Please find the code snippet to reproduce the problem at the end of this message.
I hope we can sort out the issue :wink:

Best,
Marco

# Importing stuff
import numpy as np

from sklearn.datasets import load_iris
from sklearn.model_selection import train_test_split
from sklearn.metrics import PrecisionRecallDisplay
from sklearn.pipeline import make_pipeline
from sklearn.preprocessing import StandardScaler
from sklearn.svm import LinearSVC

import matplotlib.pyplot as plt

import wandb
wandb_project = "test_proj"
wandb.init(project=wandb_project)

# Loading dataset
X, y = load_iris(return_X_y=True)

# Add noisy features
random_state = np.random.RandomState(0)
n_samples, n_features = X.shape
X = np.concatenate([X, random_state.randn(n_samples, 200 * n_features)], axis=1)
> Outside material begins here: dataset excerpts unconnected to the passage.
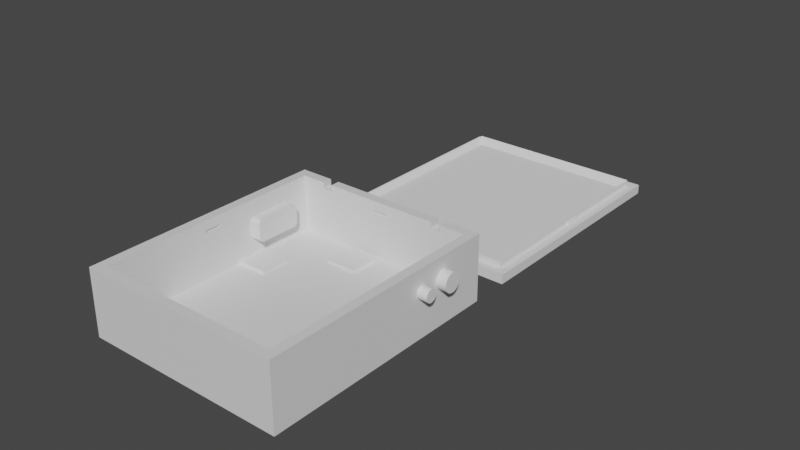 # Source: Case_Low_Power_65x78x24mm_without_holes_.blend  (saved by Blender 3.5.10; exported with 4.5.12 LTS)
import bpy
from mathutils import Matrix  # noqa: F401  (used for matrix-valued properties, if any)

bpy.ops.wm.read_factory_settings(use_empty=True)
scene = bpy.context.scene
scene.name = 'Scene'

# ---- collections
col_agujeros = bpy.data.collections.new('Agujeros'); scene.collection.children.link(col_agujeros)
col_cuerpo_principal = bpy.data.collections.new('Cuerpo Principal'); scene.collection.children.link(col_cuerpo_principal)
col_tapa = bpy.data.collections.new('Tapa'); scene.collection.children.link(col_tapa)

# ---- materials (node trees are filled in below, after node groups)
mat_material = bpy.data.materials.new('Material')
mat_material.alpha_threshold = 0.0
mat_material.use_transparent_shadow = False
mat_material.roughness = 0.5
mat_material.line_color = (0.0, 0.0, 0.0, 1.0)

# ---- material node trees
mat_material.use_nodes = True; mat_material.node_tree.nodes.clear()
_N = mat_material.node_tree.nodes; _L = mat_material.node_tree.links
n0 = _N.new('ShaderNodeOutputMaterial'); n0.name = 'Material Output'; n0.location = (300, 300)
n1 = _N.new('ShaderNodeBsdfPrincipled'); n1.name = 'Principled BSDF'; n1.location = (10, 300)
n1.distribution = 'GGX'
n1.subsurface_method = 'RANDOM_WALK_SKIN'
n1.inputs[3].default_value = 1.45
n1.inputs[27].default_value = (0.0, 0.0, 0.0, 1.0)
n1.inputs[28].default_value = 1.0
_L.new(n1.outputs[0], n0.inputs[0])
n0.is_active_output = True

# ---- world
world_world = bpy.data.worlds.new('World'); scene.world = world_world
world_world.use_nodes = True; world_world.node_tree.nodes.clear()
_N = world_world.node_tree.nodes; _L = world_world.node_tree.links
n0 = _N.new('ShaderNodeOutputWorld'); n0.name = 'World Output'; n0.location = (300, 300)
n1 = _N.new('ShaderNodeBackground'); n1.name = 'Background'; n1.location = (10, 300)
n1.inputs[0].default_value = (0.05088, 0.05088, 0.05088, 1.0)
_L.new(n1.outputs[0], n0.inputs[0])
n0.is_active_output = True
world_world.color = (0.05088, 0.05088, 0.05088)
world_world.use_sun_shadow = False
world_world.sun_shadow_jitter_overblur = 0.0

# ---- meshes
me_cylinder = bpy.data.meshes.new('Cylinder')
me_cylinder.from_pydata([(0.02566, 0.02638, 0.014), (0.03566, 0.02638, 0.014), (0.02566, 0.02632, 0.01341), (0.03566, 0.02632, 0.01341), (0.02566, 0.02615, 0.01285), (0.03566, 0.02615, 0.01285), (0.02566, 0.02587, 0.01233), (0.03566, 0.02587, 0.01233), (0.02566, 0.0255, 0.01188), (0.03566, 0.0255, 0.01188), (0.02566, 0.02505, 0.01151), (0.03566, 0.02505, 0.01151), (0.02566, 0.02453, 0.01123), (0.03566, 0.02453, 0.01123), (0.02566, 0.02397, 0.01106), (0.03566, 0.02397, 0.01106), (0.02566, 0.02338, 0.011), (0.03566, 0.02338, 0.011), (0.02566, 0.02279, 0.01106), (0.03566, 0.02279, 0.01106), (0.02566, 0.02223, 0.01123), (0.03566, 0.02223, 0.01123), (0.02566, 0.02171, 0.01151), (0.03566, 0.02171, 0.01151), (0.02566, 0.02126, 0.01188), (0.03566, 0.02126, 0.01188), (0.02566, 0.02089, 0.01233), (0.03566, 0.02089, 0.01233), (0.02566, 0.02061, 0.01285), (0.03566, 0.02061, 0.01285), (0.02566, 0.02044, 0.01341), (0.03566, 0.02044, 0.01341), (0.02566, 0.02038, 0.014), (0.03566, 0.02038, 0.014), (0.02566, 0.02044, 0.01459), (0.03566, 0.02044, 0.01459), (0.02566, 0.02061, 0.01515), (0.03566, 0.02061, 0.01515), (0.02566, 0.02089, 0.01567), (0.03566, 0.02089, 0.01567), (0.02566, 0.02126, 0.01612), (0.03566, 0.02126, 0.01612), (0.02566, 0.02171, 0.01649), (0.03566, 0.02171, 0.01649), (0.02566, 0.02223, 0.01677), (0.03566, 0.02223, 0.01677), (0.02566, 0.02279, 0.01694), (0.03566, 0.02279, 0.01694), (0.02566, 0.02338, 0.017), (0.03566, 0.02338, 0.017), (0.02566, 0.02397, 0.01694), (0.03566, 0.02397, 0.01694), (0.02566, 0.02453, 0.01677), (0.03566, 0.02453, 0.01677), (0.02566, 0.02505, 0.01649), (0.03566, 0.02505, 0.01649), (0.02566, 0.0255, 0.01612), (0.03566, 0.0255, 0.01612), (0.02566, 0.02587, 0.01567), (0.03566, 0.02587, 0.01567), (0.02566, 0.02615, 0.01515), (0.03566, 0.02615, 0.01515), (0.02566, 0.02632, 0.01459), (0.03566, 0.02632, 0.01459)], [], [(0, 1, 3, 2), (2, 3, 5, 4), (4, 5, 7, 6), (6, 7, 9, 8), (8, 9, 11, 10), (10, 11, 13, 12), (12, 13, 15, 14), (14, 15, 17, 16), (16, 17, 19, 18), (18, 19, 21, 20), (20, 21, 23, 22), (22, 23, 25, 24), (24, 25, 27, 26), (26, 27, 29, 28), (28, 29, 31, 30), (30, 31, 33, 32), (32, 33, 35, 34), (34, 35, 37, 36), (36, 37, 39, 38), (38, 39, 41, 40), (40, 41, 43, 42), (42, 43, 45, 44), (44, 45, 47, 46), (46, 47, 49, 48), (48, 49, 51, 50), (50, 51, 53, 52), (52, 53, 55, 54), (54, 55, 57, 56), (56, 57, 59, 58), (58, 59, 61, 60), (3, 1, 63, 61, 59, 57, 55, 53, 51, 49, 47, 45, 43, 41, 39, 37, 35, 33, 31, 29, 27, 25, 23, 21, 19, 17, 15, 13, 11, 9, 7, 5), (60, 61, 63, 62), (62, 63, 1, 0), (0, 2, 4, 6, 8, 10, 12, 14, 16, 18, 20, 22, 24, 26, 28, 30, 32, 34, 36, 38, 40, 42, 44, 46, 48, 50, 52, 54, 56, 58, 60, 62)])
_uv = me_cylinder.uv_layers.new(name='UVMap')
_uv.uv.foreach_set('vector', [1.0, 0.5, 1.0, 1.0, 0.9688, 1.0, 0.9688, 0.5, 0.9688, 0.5, 0.9688, 1.0, 0.9375, 1.0, 0.9375, 0.5, 0.9375, 0.5, 0.9375, 1.0, 0.9062, 1.0, 0.9062, 0.5, 0.9062, 0.5, 0.9062, 1.0, 0.875, 1.0, 0.875, 0.5, 0.875, 0.5, 0.875, 1.0, 0.8438, 1.0, 0.8438, 0.5, 0.8438, 0.5, 0.8438, 1.0, 0.8125, 1.0, 0.8125, 0.5, 0.8125, 0.5, 0.8125, 1.0, 0.7812, 1.0, 0.7812, 0.5, 0.7812, 0.5, 0.7812, 1.0, 0.75, 1.0, 0.75, 0.5, 0.75, 0.5, 0.75, 1.0, 0.7188, 1.0, 0.7188, 0.5, 0.7188, 0.5, 0.7188, 1.0, 0.6875, 1.0, 0.6875, 0.5, 0.6875, 0.5, 0.6875, 1.0, 0.6562, 1.0, 0.6562, 0.5, 0.6562, 0.5, 0.6562, 1.0, 0.625, 1.0, 0.625, 0.5, 0.625, 0.5, 0.625, 1.0, 0.5938, 1.0, 0.5938, 0.5, 0.5938, 0.5, 0.5938, 1.0, 0.5625, 1.0, 0.5625, 0.5, 0.5625, 0.5, 0.5625, 1.0, 0.5312, 1.0, 0.5312, 0.5, 0.5312, 0.5, 0.5312, 1.0, 0.5, 1.0, 0.5, 0.5, 0.5, 0.5, 0.5, 1.0, 0.4688, 1.0, 0.4688, 0.5, 0.4688, 0.5, 0.4688, 1.0, 0.4375, 1.0, 0.4375, 0.5, 0.4375, 0.5, 0.4375, 1.0, 0.4062, 1.0, 0.4062, 0.5, 0.4062, 0.5, 0.4062, 1.0, 0.375, 1.0, 0.375, 0.5, 0.375, 0.5, 0.375, 1.0, 0.3438, 1.0, 0.3438, 0.5, 0.3438, 0.5, 0.3438, 1.0, 0.3125, 1.0, 0.3125, 0.5, 0.3125, 0.5, 0.3125, 1.0, 0.2812, 1.0, 0.2812, 0.5, 0.2812, 0.5, 0.2812, 1.0, 0.25, 1.0, 0.25, 0.5, 0.25, 0.5, 0.25, 1.0, 0.2188, 1.0, 0.2188, 0.5, 0.2188, 0.5, 0.2188, 1.0, 0.1875, 1.0, 0.1875, 0.5, 0.1875, 0.5, 0.1875, 1.0, 0.1562, 1.0, 0.1562, 0.5, 0.1562, 0.5, 0.1562, 1.0, 0.125, 1.0, 0.125, 0.5, 0.125, 0.5, 0.125, 1.0, 0.09375, 1.0, 0.09375, 0.5, 0.09375, 0.5, 0.09375, 1.0, 0.0625, 1.0, 0.0625, 0.5, 0.2968, 0.4854, 0.25, 0.49, 0.2032, 0.4854, 0.1582, 0.4717, 0.1167, 0.4496, 0.08029, 0.4197, 0.05045, 0.3833, 0.02827, 0.3418, 0.01461, 0.2968, 0.01, 0.25, 0.01461, 0.2032, 0.02827, 0.1582, 0.05045, 0.1167, 0.08029, 0.08029, 0.1167, 0.05045, 0.1582, 0.02827, 0.2032, 0.01461, 0.25, 0.01, 0.2968, 0.01461, 0.3418, 0.02827, 0.3833, 0.05045, 0.4197, 0.08029, 0.4496, 0.1167, 0.4717, 0.1582, 0.4854, 0.2032, 0.49, 0.25, 0.4854, 0.2968, 0.4717, 0.3418, 0.4496, 0.3833, 0.4197, 0.4197, 0.3833, 0.4496, 0.3418, 0.4717, 0.0625, 0.5, 0.0625, 1.0, 0.03125, 1.0, 0.03125, 0.5, 0.03125, 0.5, 0.03125, 1.0, 0.0, 1.0, 0.0, 0.5, 0.75, 0.49, 0.7968, 0.4854, 0.8418, 0.4717, 0.8833, 0.4496, 0.9197, 0.4197, 0.9496, 0.3833, 0.9717, 0.3418, 0.9854, 0.2968, 0.99, 0.25, 0.9854, 0.2032, 0.9717, 0.1582, 0.9496, 0.1167, 0.9197, 0.08029, 0.8833, 0.05045, 0.8418, 0.02827, 0.7968, 0.01461, 0.75, 0.01, 0.7032, 0.01461, 0.6582, 0.02827, 0.6167, 0.05045, 0.5803, 0.08029, 0.5504, 0.1167, 0.5283, 0.1582, 0.5146, 0.2032, 0.51, 0.25, 0.5146, 0.2968, 0.5283, 0.3418, 0.5504, 0.3833, 0.5803, 0.4197, 0.6167, 0.4496, 0.6582, 0.4717, 0.7032, 0.4854])
me_cylinder.update()
me_cylinder_001 = bpy.data.meshes.new('Cylinder.001')
me_cylinder_001.from_pydata([(0.02566, 0.0165, 0.014), (0.03566, 0.0165, 0.014), (0.02566, 0.01646, 0.01361), (0.03566, 0.01646, 0.01361), (0.02566, 0.01635, 0.01323), (0.03566, 0.01635, 0.01323), (0.02566, 0.01616, 0.01289), (0.03566, 0.01616, 0.01289), (0.02566, 0.01591, 0.01259), (0.03566, 0.01591, 0.01259), (0.02566, 0.01561, 0.01234), (0.03566, 0.01561, 0.01234), (0.02566, 0.01527, 0.01215), (0.03566, 0.01527, 0.01215), (0.02566, 0.01489, 0.01204), (0.03566, 0.01489, 0.01204), (0.02566, 0.0145, 0.012), (0.03566, 0.0145, 0.012), (0.02566, 0.01411, 0.01204), (0.03566, 0.01411, 0.01204), (0.02566, 0.01373, 0.01215), (0.03566, 0.01373, 0.01215), (0.02566, 0.01339, 0.01234), (0.03566, 0.01339, 0.01234), (0.02566, 0.01309, 0.01259), (0.03566, 0.01309, 0.01259), (0.02566, 0.01284, 0.01289), (0.03566, 0.01284, 0.01289), (0.02566, 0.01265, 0.01323), (0.03566, 0.01265, 0.01323), (0.02566, 0.01254, 0.01361), (0.03566, 0.01254, 0.01361), (0.02566, 0.0125, 0.014), (0.03566, 0.0125, 0.014), (0.02566, 0.01254, 0.01439), (0.03566, 0.01254, 0.01439), (0.02566, 0.01265, 0.01477), (0.03566, 0.01265, 0.01477), (0.02566, 0.01284, 0.01511), (0.03566, 0.01284, 0.01511), (0.02566, 0.01309, 0.01541), (0.03566, 0.01309, 0.01541), (0.02566, 0.01339, 0.01566), (0.03566, 0.01339, 0.01566), (0.02566, 0.01373, 0.01585), (0.03566, 0.01373, 0.01585), (0.02566, 0.01411, 0.01596), (0.03566, 0.01411, 0.01596), (0.02566, 0.0145, 0.016), (0.03566, 0.0145, 0.016), (0.02566, 0.01489, 0.01596), (0.03566, 0.01489, 0.01596), (0.02566, 0.01527, 0.01585), (0.03566, 0.01527, 0.01585), (0.02566, 0.01561, 0.01566), (0.03566, 0.01561, 0.01566), (0.02566, 0.01591, 0.01541), (0.03566, 0.01591, 0.01541), (0.02566, 0.01616, 0.01511), (0.03566, 0.01616, 0.01511), (0.02566, 0.01635, 0.01477), (0.03566, 0.01635, 0.01477), (0.02566, 0.01646, 0.01439), (0.03566, 0.01646, 0.01439)], [], [(0, 1, 3, 2), (2, 3, 5, 4), (4, 5, 7, 6), (6, 7, 9, 8), (8, 9, 11, 10), (10, 11, 13, 12), (12, 13, 15, 14), (14, 15, 17, 16), (16, 17, 19, 18), (18, 19, 21, 20), (20, 21, 23, 22), (22, 23, 25, 24), (24, 25, 27, 26), (26, 27, 29, 28), (28, 29, 31, 30), (30, 31, 33, 32), (32, 33, 35, 34), (34, 35, 37, 36), (36, 37, 39, 38), (38, 39, 41, 40), (40, 41, 43, 42), (42, 43, 45, 44), (44, 45, 47, 46), (46, 47, 49, 48), (48, 49, 51, 50), (50, 51, 53, 52), (52, 53, 55, 54), (54, 55, 57, 56), (56, 57, 59, 58), (58, 59, 61, 60), (3, 1, 63, 61, 59, 57, 55, 53, 51, 49, 47, 45, 43, 41, 39, 37, 35, 33, 31, 29, 27, 25, 23, 21, 19, 17, 15, 13, 11, 9, 7, 5), (60, 61, 63, 62), (62, 63, 1, 0), (0, 2, 4, 6, 8, 10, 12, 14, 16, 18, 20, 22, 24, 26, 28, 30, 32, 34, 36, 38, 40, 42, 44, 46, 48, 50, 52, 54, 56, 58, 60, 62)])
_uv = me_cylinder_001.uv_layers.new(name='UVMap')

# Limit to the two first classes, and split into training and test
X_train, X_test, y_train, y_test = train_test_split(
    X[y < 2], y[y < 2], test_size=0.5, random_state=random_state
)

# Scaling data and fitting classifier
classifier = make_pipeline(StandardScaler(), LinearSVC(random_state=random_state))
classifier.fit(X_train, y_train)

# Getting the prediction on test set
y_score = classifier.decision_function(X_test)

# Displaying PR curve with matplotlib
display = PrecisionRecallDisplay.from_predictions(y_test, y_score, name="LinearSVC")
_ = display.ax_.set_title("2-class Precision-Recall curve")

# Adding one dimension to the prediction array as discussed
ones = np.ones(y_test.shape)
pred_wandb = np.stack((y_score, ones - y_score), axis=1)
y_test = y_test[:, None]
print("Y test and Y pred dimensions:", y_test.shape, pred_wandb.shape)
# Logging the PR with wandb
wandb.log({"val_pr" : wandb.plot.pr_curve(y_test, pred_wandb, labels=None, classes_to_plot=None)})

plt.show()

Hey Ramit,

Any chance you had a look at this issue? :slight_smile:

Thanks and best!

Marco

Hello!

Any chance you had a look at this issue? :slight_smile:

Best,
Marco

This topic was automatically closed 60 days after the last reply. New replies are no longer allowed.